Is a truck required or did the geniuses realize that certain items can fit in cars?


----------



## johnx (Jul 29, 2017)

Wonderwall2 said:


> about 16 miles total


curious why 16 miles took 2 hours. Assembly?


----------



## WhippedCream (Jan 3, 2020)

johnx said:


> curious why 16 miles took 2 hours. Assembly?


AstonNC and wonder wall are the same people (guy/guys who own Phlatbed)

I did download the app probably won't get around to finish signing up


----------



## Wonderwall2 (Jan 30, 2020)

WhippedCream said:


> AstonNC and wonder wall are the same people (guy/guys who own Phlatbed)
> 
> I did download the app probably won't get around to finish signing up


You need to stop with the trolling. I'm sure your application was denied is why you came here to pick fights.



johnx said:


> curious why 16 miles took 2 hours. Assembly?


No assembly, just picked up and dropped off. Customer made some minor scheduling changes


----------



## WhippedCream (Jan 3, 2020)

Wonderwall2 said:


> You need to stop with the trolling. I'm sure your application was denied is why you came here to pick fights.


Haha I'll give your app a shot one day.. Good luck

unusable
Feb 4, 2020
a01000110101011010101
This app requires you to turn on your location settings and WILL NOT let you enter the pickup location manually. So you have to be physically standing in the pickup spot at the time you make the order AND it doesn't even pick up your location correctly. I would enter the address manually, confirm it was correct, and the app kept changing it to a different address, where it thought I was. I was NOT ABLE to simply enter the correct address. This has some of the worst functionality I've ever seen and is literally unusable - you can't schedule future requests and if you do happen to be standing with the item you wish to move, you just have to hope it picks up your location correctly, otherwise the app is completely useless.
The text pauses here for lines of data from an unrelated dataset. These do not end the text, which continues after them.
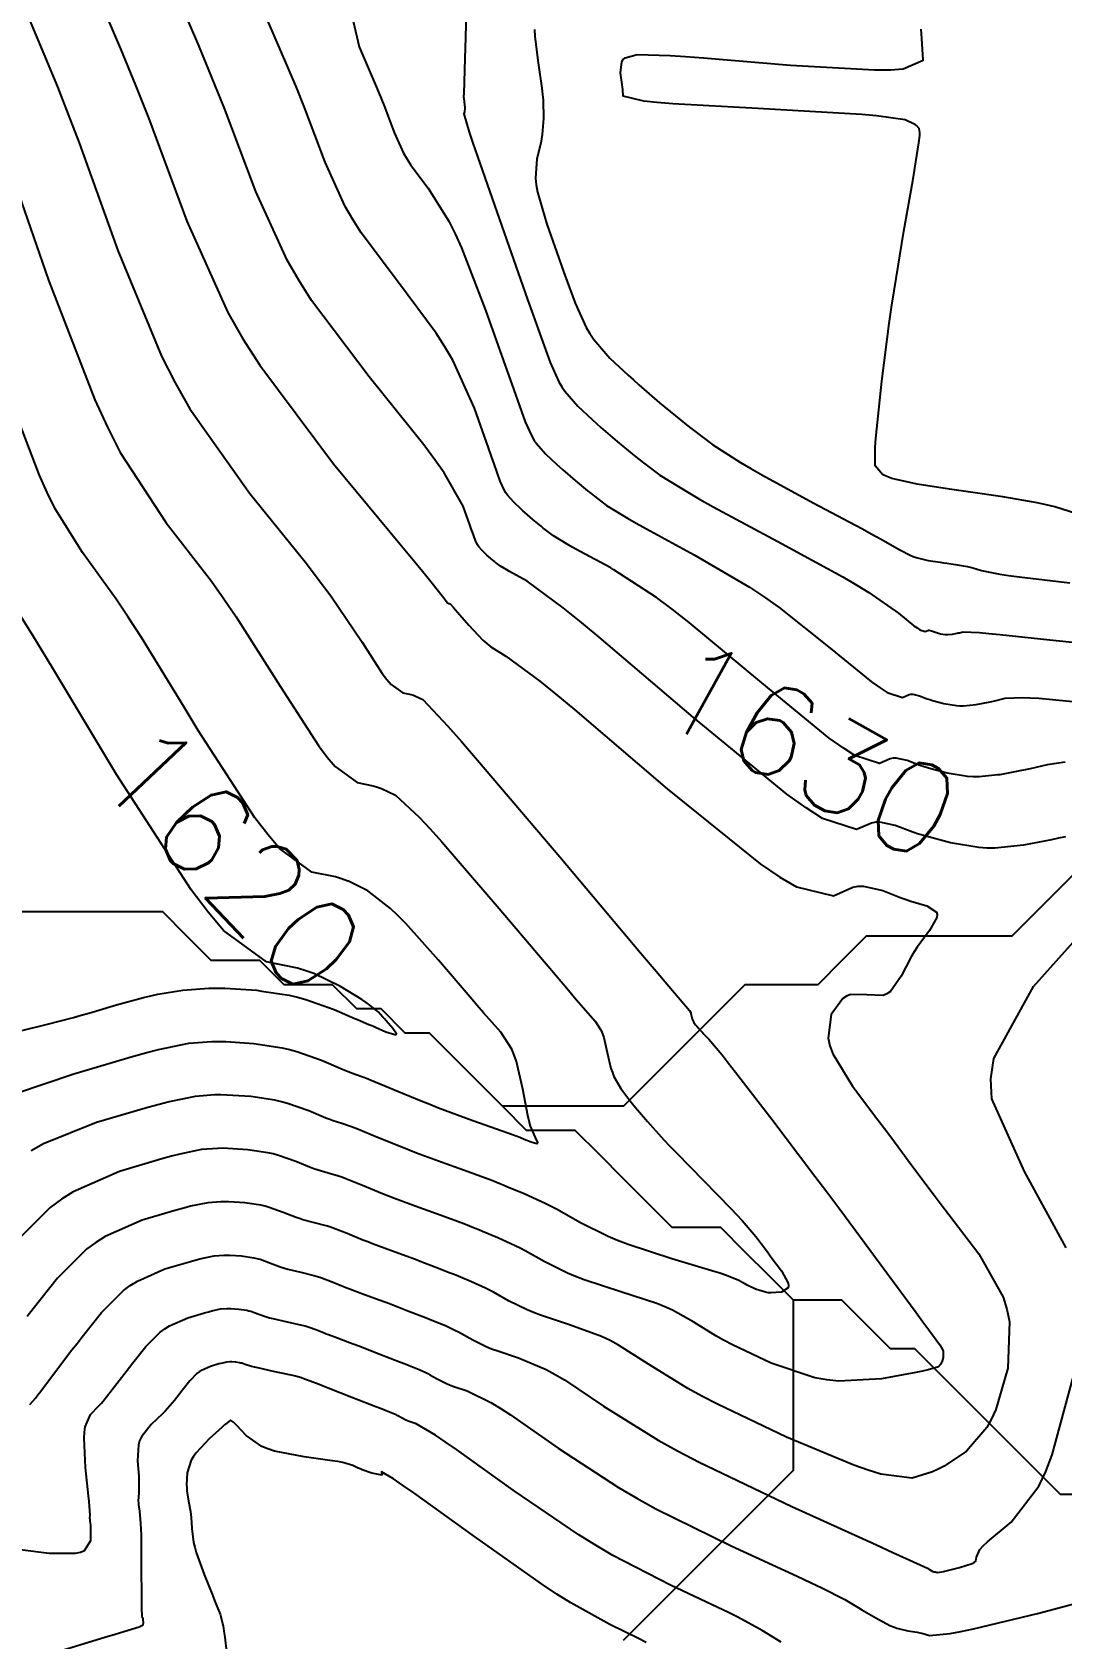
# Model space of a CAD drawing. Header units: metres. Extents: x 837475 to 838479, y 1189012 to 1191015.
# Drawn here: x 837762.6 to 837805.1, y 1190836.9 to 1190903.1 of the extents above; entities that cross this region are included whole.
import ezdxf

# ---------------------------------------------------------------- set-up
doc = ezdxf.new("R2010")
doc.units = ezdxf.units.M
doc.header["$LTSCALE"] = 0.3
for name, color, linetype in [('COTAS 10', 1, 'Continuous'), ('COTAS INT', 252, 'Continuous'), ('DRENAJE', 5, 'Continuous')]:
    doc.layers.add(name, color=color, linetype=linetype)
doc.styles.get("Standard").update_dxf_attribs({"font": 'simplex.shx'})

msp = doc.modelspace()

# ---------------------------------------------------------------- linework, layer by layer
at = {"layer": 'COTAS 10'}
for points in [[(837805.226, 1190869.957), (837804.938, 1190869.895), (837804.642, 1190869.833), (837803.499, 1190869.611), (837802.307, 1190869.49), (837801.979, 1190869.492), (837801.652, 1190869.51), (837800.481, 1190869.702), (837799.423, 1190869.99), (837799.168, 1190870.068), (837798.928, 1190870.146), (837798.2, 1190870.42), (837797.577, 1190870.558), (837797.405, 1190870.55), (837797.233, 1190870.521), (837796.613, 1190870.248), (837795.206, 1190870.709), (837794.537, 1190871.144), (837793.748, 1190871.711), (837789.891, 1190874.865), (837786.015, 1190878.173), (837785.366, 1190878.711), (837785.214, 1190878.837), (837784.531, 1190879.391), (837783.046, 1190880.483), (837782.44, 1190880.808), (837782.312, 1190880.88), (837782.2, 1190880.944), (837781.937, 1190881.106), (837781.784, 1190881.221), (837781.741, 1190881.254), (837781.697, 1190881.289), (837781.539, 1190881.419), (837781.385, 1190881.553), (837781.344, 1190881.59), (837781.305, 1190881.625), (837781.168, 1190881.753), (837781.048, 1190881.891), (837781.019, 1190881.935), (837780.992, 1190881.98), (837780.908, 1190882.161), (837780.788, 1190882.496), (837780.738, 1190882.638), (837780.68, 1190882.802), (837780.409, 1190883.571), (837779.619, 1190884.941), (837779.234, 1190885.483), (837778.778, 1190886.095), (837776.529, 1190888.895), (837774.16, 1190892.049), (837773.628, 1190892.885), (837773.149, 1190893.704), (837771.868, 1190896.529), (837770.56, 1190899.988), (837770.066, 1190901.207), (837769.513, 1190902.54), (837767.039, 1190908.299)], [(837805.992, 1190883.159), (837804.781, 1190883.54), (837804.423, 1190883.63), (837804.056, 1190883.714), (837802.648, 1190883.959), (837801.211, 1190884.161), (837800.826, 1190884.217), (837800.446, 1190884.273), (837799.117, 1190884.475), (837798.064, 1190884.713), (837797.858, 1190884.792), (837797.688, 1190884.877), (837797.384, 1190885.23), (837797.388, 1190886.003), (837797.412, 1190886.353), (837797.447, 1190886.761), (837797.656, 1190888.726), (837797.964, 1190891.102), (837798.06, 1190891.77), (837798.162, 1190892.441), (837798.567, 1190894.901), (837798.928, 1190896.971), (837799.001, 1190897.397), (837799.062, 1190897.758), (837799.185, 1190898.531), (837799.216, 1190898.839), (837799.219, 1190898.907), (837799.219, 1190898.968), (837799.2, 1190899.127), (837799.09, 1190899.249), (837799.033, 1190899.286), (837798.964, 1190899.325), (837798.623, 1190899.479), (837797.437, 1190899.65), (837796.837, 1190899.7), (837796.119, 1190899.751), (837792.543, 1190899.945), (837789.049, 1190900.146), (837788.383, 1190900.202), (837787.848, 1190900.258), (837787.002, 1190900.459), (837786.988, 1190900.73), (837786.977, 1190900.83), (837786.963, 1190900.94), (837786.888, 1190901.427), (837786.937, 1190901.88), (837787.001, 1190901.97), (837787.087, 1190902.043), (837787.58, 1190902.179), (837788.935, 1190902.131), (837789.565, 1190902.089), (837790.305, 1190902.035), (837793.897, 1190901.736), (837797.357, 1190901.537), (837798.014, 1190901.545), (837798.541, 1190901.58), (837799.356, 1190901.937), (837799.299, 1190902.838), (837799.276, 1190903.216)], [(837762.223, 1190861.98), (837763.22, 1190862.225), (837764.348, 1190862.518), (837764.662, 1190862.604), (837764.976, 1190862.693), (837766.116, 1190863.03), (837767.23, 1190863.338), (837767.529, 1190863.408), (837767.823, 1190863.471), (837768.848, 1190863.643), (837769.922, 1190863.719), (837770.247, 1190863.722), (837770.583, 1190863.717), (837771.897, 1190863.632), (837772.101, 1190863.601), (837773.233, 1190863.428), (837773.584, 1190863.348), (837773.925, 1190863.257), (837775.088, 1190862.843), (837775.968, 1190862.463), (837775.982, 1190862.456), (837776.153, 1190862.381), (837776.292, 1190862.321), (837776.52, 1190862.225), (837776.636, 1190862.178), (837776.705, 1190862.149), (837776.789, 1190862.113), (837777.224, 1190861.927), (837777.595, 1190861.808), (837777.639, 1190861.815), (837777.657, 1190861.838), (837777.511, 1190862.065), (837777.228, 1190862.375), (837777.16, 1190862.451), (837777.096, 1190862.522), (837776.902, 1190862.746), (837776.564, 1190863.026), (837776.409, 1190863.132), (837776.228, 1190863.252), (837775.353, 1190863.789), (837774.248, 1190864.323), (837773.921, 1190864.44), (837773.585, 1190864.544), (837772.298, 1190864.808), (837770.532, 1190866.098), (837769.894, 1190866.848), (837769.191, 1190867.769), (837766.115, 1190872.517), (837763.521, 1190876.84), (837763.245, 1190877.299), (837762.673, 1190878.242), (837762.196, 1190879.019)], [(837805.248, 1190853.03), (837803.536, 1190856.164), (837802.186, 1190859.162), (837802.153, 1190859.989), (837802.267, 1190860.816), (837803.907, 1190863.792), (837806.138, 1190866.271)], [(837762.556, 1190846.578), (837762.777, 1190846.835), (837762.878, 1190846.964), (837762.997, 1190847.117), (837763.57, 1190847.877), (837764.286, 1190848.82), (837764.494, 1190849.088), (837764.706, 1190849.36), (837765.508, 1190850.367), (837766.413, 1190851.267), (837766.69, 1190851.471), (837766.979, 1190851.655), (837768.117, 1190852.157), (837769.165, 1190852.466), (837769.397, 1190852.529), (837769.604, 1190852.583), (837770.141, 1190852.694), (837770.541, 1190852.723), (837770.663, 1190852.724), (837770.788, 1190852.722), (837771.278, 1190852.69), (837771.777, 1190852.614), (837771.907, 1190852.584), (837772.035, 1190852.551), (837772.469, 1190852.396), (837772.911, 1190852.229), (837773.044, 1190852.187), (837773.182, 1190852.147), (837773.717, 1190852.019), (837774.257, 1190851.889), (837774.398, 1190851.848), (837774.535, 1190851.804), (837775.001, 1190851.63), (837775.476, 1190851.435), (837775.618, 1190851.379), (837775.766, 1190851.322), (837776.341, 1190851.109), (837776.984, 1190850.873), (837777.176, 1190850.801), (837777.372, 1190850.727), (837778.13, 1190850.434), (837778.85, 1190850.151), (837779.023, 1190850.082), (837779.184, 1190850.017), (837779.671, 1190849.819), (837780.095, 1190849.626), (837780.217, 1190849.565), (837780.34, 1190849.5), (837780.802, 1190849.238), (837781.379, 1190848.951), (837781.574, 1190848.871), (837781.786, 1190848.791), (837782.68, 1190848.5), (837783.824, 1190848.015), (837784.193, 1190847.813), (837784.584, 1190847.582), (837786.186, 1190846.503), (837788.44, 1190845.097), (837789.243, 1190844.659), (837790.124, 1190844.201), (837793.951, 1190842.371), (837797.444, 1190840.786), (837798.114, 1190840.481), (837798.656, 1190840.234), (837799.54, 1190839.827), (837799.59, 1190839.796), (837799.606, 1190839.787), (837799.623, 1190839.776), (837799.691, 1190839.736), (837799.761, 1190839.699), (837799.779, 1190839.692), (837799.795, 1190839.686), (837799.849, 1190839.673), (837799.895, 1190839.666), (837799.907, 1190839.664), (837799.918, 1190839.661), (837799.955, 1190839.65), (837800.114, 1190839.674), (837800.203, 1190839.694), (837800.311, 1190839.718), (837800.862, 1190839.855), (837801.381, 1190840.025), (837801.469, 1190840.072), (837801.532, 1190840.118), (837801.561, 1190840.284), (837801.7, 1190840.604), (837801.834, 1190840.748), (837802.008, 1190840.916), (837802.98, 1190841.722), (837804.126, 1190843.214), (837804.409, 1190843.815), (837804.678, 1190844.497), (837805.527, 1190847.639)]]:
    msp.add_lwpolyline(points, dxfattribs=at)
at = {"layer": 'COTAS INT'}
for points in [[(837763.706, 1190908.454), (837766.287, 1190902.411), (837766.887, 1190900.942), (837767.439, 1190899.561), (837769.019, 1190895.313), (837770.711, 1190891.546), (837771.332, 1190890.47), (837772.02, 1190889.378), (837775.057, 1190885.313), (837777.866, 1190881.935), (837778.411, 1190881.276), (837778.854, 1190880.737), (837779.612, 1190879.791), (837779.698, 1190879.658), (837779.718, 1190879.632), (837779.735, 1190879.611), (837779.785, 1190879.575), (837779.821, 1190879.568), (837779.839, 1190879.562), (837779.87, 1190879.547), (837780.005, 1190879.401), (837780.08, 1190879.315), (837780.171, 1190879.209), (837780.633, 1190878.664), (837781.213, 1190878.059), (837781.378, 1190877.917), (837781.544, 1190877.785), (837782.159, 1190877.398), (837783.56, 1190876.367), (837784.221, 1190875.829), (837785.001, 1190875.181), (837788.808, 1190871.93), (837792.647, 1190868.842), (837793.448, 1190868.297), (837794.135, 1190867.887), (837795.669, 1190867.528), (837796.462, 1190867.877), (837796.682, 1190867.914), (837796.902, 1190867.925), (837797.697, 1190867.748), (837798.46, 1190867.439), (837798.659, 1190867.367), (837798.853, 1190867.3), (837799.511, 1190867.107), (837799.907, 1190866.856), (837799.936, 1190866.753), (837799.93, 1190866.635), (837799.62, 1190866.091), (837799.114, 1190865.414), (837798.985, 1190865.213), (837798.862, 1190865.006), (837798.457, 1190864.21), (837798.013, 1190863.585), (837797.865, 1190863.486), (837797.706, 1190863.419), (837797.041, 1190863.446), (837796.366, 1190863.465), (837796.202, 1190863.394), (837796.047, 1190863.29), (837795.567, 1190862.638), (837795.448, 1190861.656), (837795.52, 1190861.344), (837795.639, 1190861.015), (837796.449, 1190859.68), (837797.499, 1190858.299), (837797.769, 1190857.941), (837798.031, 1190857.593), (837798.9, 1190856.421), (837799.814, 1190855.191), (837800.105, 1190854.807), (837800.411, 1190854.403), (837801.65, 1190852.783), (837802.652, 1190850.999), (837802.808, 1190850.492), (837802.913, 1190849.978), (837802.855, 1190848.073), (837802.35, 1190846.366), (837802.172, 1190845.977), (837801.978, 1190845.625), (837801.14, 1190844.655), (837800.223, 1190844.038), (837799.979, 1190843.908), (837799.738, 1190843.795), (837798.904, 1190843.535), (837797.62, 1190843.706), (837797.097, 1190843.865), (837796.5, 1190844.073), (837793.735, 1190845.227), (837790.892, 1190846.581), (837790.244, 1190846.916), (837789.658, 1190847.233), (837788.047, 1190848.23), (837786.808, 1190849.017), (837786.457, 1190849.201), (837786.102, 1190849.37), (837784.789, 1190849.859), (837783.59, 1190850.25), (837783.307, 1190850.357), (837783.044, 1190850.464), (837782.272, 1190850.848), (837781.652, 1190851.2), (837781.487, 1190851.287), (837781.324, 1190851.369), (837780.755, 1190851.628), (837780.193, 1190851.858), (837780.034, 1190851.922), (837779.874, 1190851.986), (837779.283, 1190852.22), (837778.638, 1190852.467), (837778.444, 1190852.54), (837778.242, 1190852.615), (837777.458, 1190852.9), (837776.673, 1190853.191), (837776.471, 1190853.268), (837776.276, 1190853.345), (837775.628, 1190853.611), (837775.054, 1190853.837), (837774.905, 1190853.888), (837774.761, 1190853.935), (837774.277, 1190854.06), (837773.804, 1190854.182), (837773.666, 1190854.226), (837773.525, 1190854.274), (837772.993, 1190854.486), (837772.413, 1190854.692), (837772.243, 1190854.737), (837772.068, 1190854.777), (837771.402, 1190854.879), (837770.747, 1190854.921), (837770.579, 1190854.923), (837770.418, 1190854.922), (837769.882, 1190854.884), (837769.165, 1190854.735), (837768.889, 1190854.664), (837768.579, 1190854.579), (837767.178, 1190854.166), (837765.657, 1190853.496), (837765.272, 1190853.25), (837764.902, 1190852.977), (837763.692, 1190851.775), (837762.681, 1190850.51), (837762.436, 1190850.199)], [(837805.218, 1190873.026), (837804.464, 1190872.921), (837803.768, 1190872.758), (837803.561, 1190872.714), (837803.347, 1190872.669), (837802.523, 1190872.509), (837802.433, 1190872.5), (837801.663, 1190872.422), (837801.427, 1190872.423), (837801.191, 1190872.436), (837800.347, 1190872.574), (837799.584, 1190872.782), (837799.4, 1190872.838), (837799.227, 1190872.894), (837798.702, 1190873.092), (837798.253, 1190873.192), (837798.129, 1190873.186), (837798.005, 1190873.165), (837797.558, 1190872.968), (837796.543, 1190873.301), (837796.061, 1190873.614), (837795.492, 1190874.023), (837792.711, 1190876.298), (837789.719, 1190878.787), (837789.017, 1190879.332), (837788.369, 1190879.813), (837786.609, 1190880.95), (837786.487, 1190881.028), (837785.198, 1190881.722), (837784.924, 1190881.874), (837784.686, 1190882.01), (837784.126, 1190882.355), (837783.799, 1190882.6), (837783.707, 1190882.671), (837783.615, 1190882.745), (837783.278, 1190883.023), (837782.95, 1190883.308), (837782.864, 1190883.386), (837782.779, 1190883.462), (837782.487, 1190883.733), (837782.232, 1190884.029), (837782.17, 1190884.121), (837782.112, 1190884.217), (837781.935, 1190884.603), (837781.679, 1190885.316), (837781.571, 1190885.619), (837781.448, 1190885.968), (837780.87, 1190887.607), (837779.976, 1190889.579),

Fraud! They take $ before services provided!
Feb 4, 2020
FruadScamDontUse
This is the WORST app/company. They literally charge you in order to select a driver and have the opportunity to even speak to the driver. So your bank account is charged before a service is rendered. My driver never showed and never responded after the first message I sent AFTER I paid. There is no customer service phone number- you have to email or TEXT, yes text. And then they take 3 business days to issue a refund. So they have now held your money for multiple days when you may never even get your driver or have your items moved. I'll never use this again. Good luck to those who do.

Feb 4, 2020
anthony poole
It sucks..cant seem to get anywhere or any hauls out of it

Feb 4, 2020
James Bolay
Signed up in November haven't heard anything.

Feb 4, 2020
Mark Noteboom
App has had no loads what so ever.

Feb 4, 2020
Akosua Adampo
Code 19 Not being negative at all, really wasn't trying to do a rating but I just tried to sign up today to become a driver and when I entered all of my information I received a code 19, even when I used a different email. When I first used the email I wanted to use the app said my email was already in use and to use a different email but when I entered another email, same thing then when I went back to the email I originally wanted to use I received the same code. Please help!

Don't Waste your Time
Feb 4, 2020
Rembik04
First it looked like a good app. But I posted a pickup and delivery and no one responded for 3 days. Then one driver wanted me to pay $500 to move a small coach to my office location 7 miles away. When asked, same driver did not have proper documents, no commercial insurance. There is no one I can call for support. DON'T WASTE YOUR TIME AND FRUSTRATIONS WITH THIS APP. My friend had her furniture broken by a delivery person found on this app. Now the delivery company is not picking up the phone and none of the 10 emails to Phlatbed has been answered.


----------



## EasyRider1 (Dec 16, 2019)

Noticing it's only new members that are enjoying this App. looks pretty fishy to me.


----------



## AstonNC (Jan 27, 2020)

EasyRider1 said:


> Noticing it's only new members that are enjoying this App. looks pretty fishy to me.


That's be cause it's only 3 years old and some of us that have been part of it are trying to share it and build new communities in new places....perhaps look it up outside of here. I shared my referral code somewhere earlier.


----------



## WhippedCream (Jan 3, 2020)

AstonNC said:


> That's be cause it's only 3 years old and some of us that have been part of it are trying to share it and build new communities in new places....perhaps look it up outside of here. I shared my referral code somewhere earlier.


Lol please keep posting this is hillarious


----------



## EasyRider1 (Dec 16, 2019)

WhippedCream said:


> Lol please keep posting this is hillarious


They should consider becoming politicians. They'd be perfect for the job. :wink:


----------



## AstonNC (Jan 27, 2020)

Here's the hypocrisy.....you admittedly applied to drive on the app/system, yet you keep coming here to bad mouth. Which side is it? If I'm promoting an app that's given me an opportunity to make extra cash here and there, what's wrong with that? If you're that much of a troll, then simply ignore it and go get a fulltime job somewhere.
I never asked you to use my referral code, never asked you to leave your current gig etc. So if you choose to be a troll, then that's on you. Then again....few hands in the pie means more for those who take the high ground.
Some people are only as bold as they can from behind a keyboard. Ignoring the rest of this.....trolls.


----------



## WhippedCream (Jan 3, 2020)

AstonNC said:


> Here's the hypocrisy.....you admittedly applied to drive on the app/system, yet you keep coming here to bad mouth. Which side is it? If I'm promoting an app that's given me an opportunity to make extra cash here and there, what's wrong with that? If you're that much of a troll, then simply ignore it and go get a fulltime job somewhere.
> I never asked you to use my referral code, never asked you to leave your current gig etc. So if you choose to be a troll, then that's on you. Then again....few hands in the pie means more for those who take the high ground.
> Some people are only as bold as they can from behind a keyboard. Ignoring the rest of this.....trolls.


I deleted the app. But please keep posting


----------